* [REQUIRED ACTION] Go through the entries, filter for the word "part", and copy every line that has it.

RECORDS SHOWN: Begin

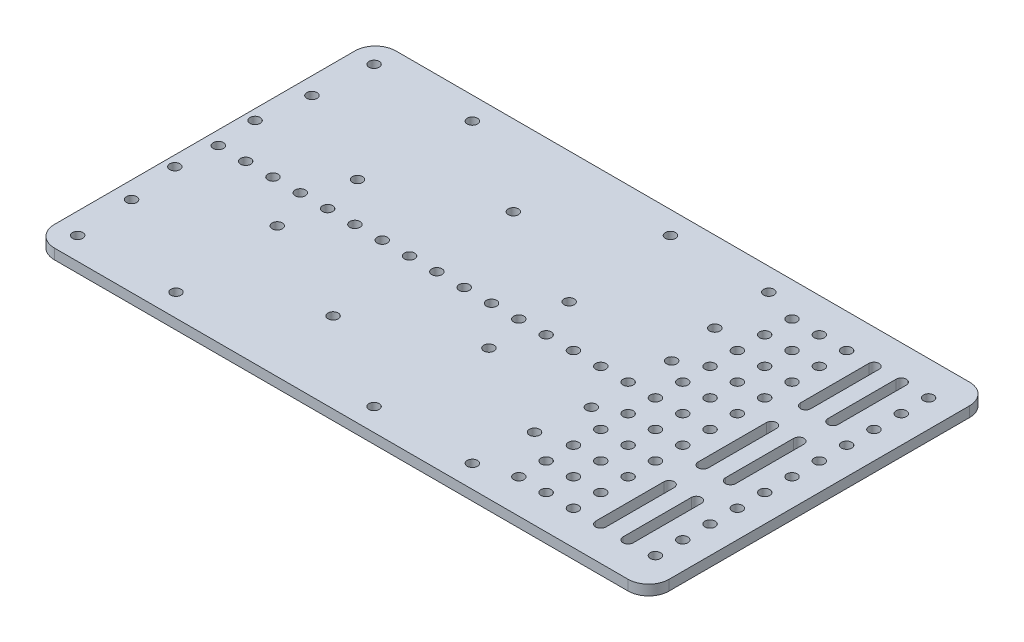
from build123d import *

# Parameters (mm, degrees)
SKETCH2_W           = 180
SKETCH2_H           = 100
BOSS_EXTRUDE1_DEPTH = 3
SKETCH3_R           = 1.5
CUT_EXTRUDE1_DEPTH  = 104
CUT_EXTRUDE2_DEPTH  = 104
SKETCH7_R           = 1.5
CUT_EXTRUDE3_DEPTH  = 104
FILLET1_R           = 6


with BuildPart() as part:
    # Sketch2 → Boss-Extrude1 (new body)
    with BuildSketch(Plane(origin=(0, 0, 0), x_dir=(1, 0, 0), z_dir=(0, 1, 0))):
        Rectangle(SKETCH2_W, SKETCH2_H)
    extrude(amount=BOSS_EXTRUDE1_DEPTH)

    # Sketch3 → Cut-Extrude1 (cut, through all)
    with BuildSketch(Plane(origin=(0, 3, 0), x_dir=(1, 0, 0), z_dir=(0, 1, 0))):
        with Locations(Location((-57, 11.75, 0), (0, 0, 270))):
            Circle(SKETCH3_R)
        with Locations(Location((-87, 11.75, 0), (0, 0, 270))):
            Circle(SKETCH3_R)
        with Locations(Location((-87, -11.75, 0), (0, 0, 270))):
            Circle(SKETCH3_R)
        with Locations(Location((-57, -11.75, 0), (0, 0, 270))):
            Circle(SKETCH3_R)
        with Locations(Location((-55, 43.4, 0), (0, 0, 270))):
            Circle(SKETCH3_R)
        with Locations(Location((31.8, 43.4, 0), (0, 0, 270))):
            Circle(SKETCH3_R)
        with Locations(Location((31.8, -43.4, 0), (0, 0, 270))):
            Circle(SKETCH3_R)
        with Locations(Location((-55, -43.4, 0), (0, 0, 270))):
            Circle(SKETCH3_R)
        with Locations(Location((-26, -26.4, 0), (0, 0, 270))):
            Circle(SKETCH3_R)
        with Locations(Location((33, -26.4, 0), (0, 0, 270))):
            Circle(SKETCH3_R)
        with Locations(Location((33, 26.4, 0), (0, 0, 270))):
            Circle(SKETCH3_R)
        with Locations(Location((-26, 26.4, 0), (0, 0, 270))):
            Circle(SKETCH3_R)
    cut_extrude1 = extrude(amount=-CUT_EXTRUDE1_DEPTH, mode=Mode.SUBTRACT)

    # Sketch6 → Cut-Extrude2 (cut, through all)
    with BuildSketch(Plane(origin=(0, 3, 0), x_dir=(1, 0, 0), z_dir=(0, 1, 0))):
        with BuildLine():
            Line((75.5, 10), (75.5, -10))
            ThreePointArc((75.5, -10), (74, -11.5), (72.5, -10))
            Line((72.5, -10), (72.5, 10))
            ThreePointArc((72.5, 10), (74, 11.5), (75.5, 10))
        make_face()
        with BuildLine():
            Line((72.5, -40), (72.5, -20))
            ThreePointArc((72.5, -20), (74, -18.5), (75.5, -20))
            Line((75.5, -20), (75.5, -40))
            ThreePointArc((75.5, -40), (74, -41.5), (72.5, -40))
        make_face()
        with BuildLine():
            Line((72.5, 20), (72.5, 40))
            ThreePointArc((72.5, 40), (74, 41.5), (75.5, 40))
            Line((75.5, 40), (75.5, 20))
            ThreePointArc((75.5, 20), (74, 18.5), (72.5, 20))
        make_face()
        with BuildLine():
            Line((67.5, 10), (67.5, -10))
            ThreePointArc((67.5, -10), (66, -11.5), (64.5, -10))
            Line((64.5, -10), (64.5, 10))
            ThreePointArc((64.5, 10), (66, 11.5), (67.5, 10))
        make_face()
        with BuildLine():
            Line((64.5, -40), (64.5, -20))
            ThreePointArc((64.5, -20), (66, -18.5), (67.5, -20))
            Line((67.5, -20), (67.5, -40))
            ThreePointArc((67.5, -40), (66, -41.5), (64.5, -40))
        make_face()
        with BuildLine():
            Line((64.5, 20), (64.5, 40))
            ThreePointArc((64.5, 40), (66, 41.5), (67.5, 40))
            Line((67.5, 40), (67.5, 20))
            ThreePointArc((67.5, 20), (66, 18.5), (64.5, 20))
        make_face()
    extrude(amount=-CUT_EXTRUDE2_DEPTH, mode=Mode.SUBTRACT)

    # Sketch7 → Cut-Extrude3 (cut, through all)
    with BuildSketch(Plane(origin=(0, 3, 0), x_dir=(1, 0, 0), z_dir=(0, 1, 0))):
        with Locations(Location((82, 0, 0), (0, 0, 270))):
            Circle(SKETCH7_R)
        with Locations(Location((58, 0, 0), (0, 0, 270))):
            Circle(SKETCH7_R)
        with Locations(Location((50, 0, 0), (0, 0, 270))):
            Circle(SKETCH7_R)
        with Locations(Location((42, 0, 0), (0, 0, 270))):
            Circle(SKETCH7_R)
        with Locations(Location((34, 0, 0), (0, 0, 270))):
            Circle(SKETCH7_R)
        with Locations(Location((26, 0, 0), (0, 0, 270))):
            Circle(SKETCH7_R)
        with Locations(Location((18, 0, 0), (0, 0, 270))):
            Circle(SKETCH7_R)
        with Locations(Location((10, 0, 0), (0, 0, 270))):
            Circle(SKETCH7_R)
        with Locations(Location((2, 0, 0), (0, 0, 270))):
            Circle(SKETCH7_R)
        with Locations(Location((-6, 0, 0), (0, 0, 270))):
            Circle(SKETCH7_R)
        with Locations(Location((-14, 0, 0), (0, 0, 270))):
            Circle(SKETCH7_R)
        with Locations(Location((-22, 0, 0), (0, 0, 270))):
            Circle(SKETCH7_R)
        with Locations(Location((-30, 0, 0), (0, 0, 270))):
            Circle(SKETCH7_R)
        with Locations(Location((-38, 0, 0), (0, 0, 270))):
            Circle(SKETCH7_R)
        with Locations(Location((-46, 0, 0), (0, 0, 270))):
            Circle(SKETCH7_R)
        with Locations(Location((-54, 0, 0), (0, 0, 270))):
            Circle(SKETCH7_R)
        with Locations(Location((-62, 0, 0), (0, 0, 270))):
            Circle(SKETCH7_R)
        with Locations(Location((-70, 0, 0), (0, 0, 270))):
            Circle(SKETCH7_R)
        with Locations(Location((-78, 0, 0), (0, 0, 270))):
            Circle(SKETCH7_R)
        with Locations(Location((-86, 0, 0), (0, 0, 270))):
            Circle(SKETCH7_R)
        with Locations(Location((42, 8, 0), (0, 0, 270))):
            Circle(SKETCH7_R)
        with Locations(Location((50, 8, 0), (0, 0, 270))):
            Circle(SKETCH7_R)
        with Locations(Location((58, 8, 0), (0, 0, 270))):
            Circle(SKETCH7_R)
        with Locations(Location((82, 8, 0), (0, 0, 270))):
            Circle(SKETCH7_R)
        with Locations(Location((42, 16, 0), (0, 0, 270))):
            Circle(SKETCH7_R)
        with Locations(Location((50, 16, 0), (0, 0, 270))):
            Circle(SKETCH7_R)
        with Locations(Location((58, 16, 0), (0, 0, 270))):
            Circle(SKETCH7_R)
        with Locations(Location((82, 16, 0), (0, 0, 270))):
            Circle(SKETCH7_R)
        with Locations(Location((42, 24, 0), (0, 0, 270))):
            Circle(SKETCH7_R)
        with Locations(Location((50, 24, 0), (0, 0, 270))):
            Circle(SKETCH7_R)
        with Locations(Location((58, 24, 0), (0, 0, 270))):
            Circle(SKETCH7_R)
        with Locations(Location((82, 24, 0), (0, 0, 270))):
            Circle(SKETCH7_R)
        with Locations(Location((42, 32, 0), (0, 0, 270))):
            Circle(SKETCH7_R)
        with Locations(Location((50, 32, 0), (0, 0, 270))):
            Circle(SKETCH7_R)
        with Locations(Location((58, 32, 0), (0, 0, 270))):
            Circle(SKETCH7_R)
        with Locations(Location((82, 32, 0), (0, 0, 270))):
            Circle(SKETCH7_R)
        with Locations(Location((42, 40, 0), (0, 0, 270))):
            Circle(SKETCH7_R)
        with Locations(Location((50, 40, 0), (0, 0, 270))):
            Circle(SKETCH7_R)
        with Locations(Location((58, 40, 0), (0, 0, 270))):
            Circle(SKETCH7_R)
        with Locations(Location((82, 40, 0), (0, 0, 270))):
            Circle(SKETCH7_R)
        with Locations(Location((42, -8, 0), (0, 0, 270))):
            Circle(SKETCH7_R)
        with Locations(Location((50, -8, 0), (0, 0, 270))):
            Circle(SKETCH7_R)
        with Locations(Location((58, -8, 0), (0, 0, 270))):
            Circle(SKETCH7_R)
        with Locations(Location((82, -8, 0), (0, 0, 270))):
            Circle(SKETCH7_R)
        with Locations(Location((42, -16, 0), (0, 0, 270))):
            Circle(SKETCH7_R)
        with Locations(Location((50, -16, 0), (0, 0, 270))):
            Circle(SKETCH7_R)
        with Locations(Location((58, -16, 0), (0, 0, 270))):
            Circle(SKETCH7_R)
        with Locations(Location((82, -16, 0), (0, 0, 270))):
            Circle(SKETCH7_R)
        with Locations(Location((42, -24, 0), (0, 0, 270))):
            Circle(SKETCH7_R)
        with Locations(Location((50, -24, 0), (0, 0, 270))):
            Circle(SKETCH7_R)
        with Locations(Location((58, -24, 0), (0, 0, 270))):
            Circle(SKETCH7_R)
        with Locations(Location((82, -24, 0), (0, 0, 270))):
            Circle(SKETCH7_R)
        with Locations(Location((42, -32, 0), (0, 0, 270))):
            Circle(SKETCH7_R)
        with Locations(Location((50, -32, 0), (0, 0, 270))):
            Circle(SKETCH7_R)
        with Locations(Location((58, -32, 0), (0, 0, 270))):
            Circle(SKETCH7_R)
        with Locations(Location((82, -32, 0), (0, 0, 270))):
            Circle(SKETCH7_R)
        with Locations(Location((42, -40, 0), (0, 0, 270))):
            Circle(SKETCH7_R)
        with Locations(Location((50, -40, 0), (0, 0, 270))):
            Circle(SKETCH7_R)
        with Locations(Location((58, -40, 0), (0, 0, 270))):
            Circle(SKETCH7_R)
        with Locations(Location((82, -40, 0), (0, 0, 270))):
            Circle(SKETCH7_R)
    extrude(amount=-CUT_EXTRUDE3_DEPTH, mode=Mode.SUBTRACT)

    # Mirror2: Cut-Extrude1 across plane
    add(cut_extrude1.mirror(Plane.ZY.offset(26)), mode=Mode.SUBTRACT)

    # Fillet1
    fillet1_edges = [part.edges().sort_by_distance(p)[0] for p in [
        (-90, 1.5, -50),
        (90, 1.5, -50),
        (90, 1.5, 50),
        (-90, 1.5, 50),
    ]]
    fillet(fillet1_edges, radius=FILLET1_R)


solid = part.part

RECORDS SHOWN: End

* [THE COMPLETED TASK]
with BuildPart() as part:
    fillet1_edges = [part.edges().sort_by_distance(p)[0] for p in [
solid = part.part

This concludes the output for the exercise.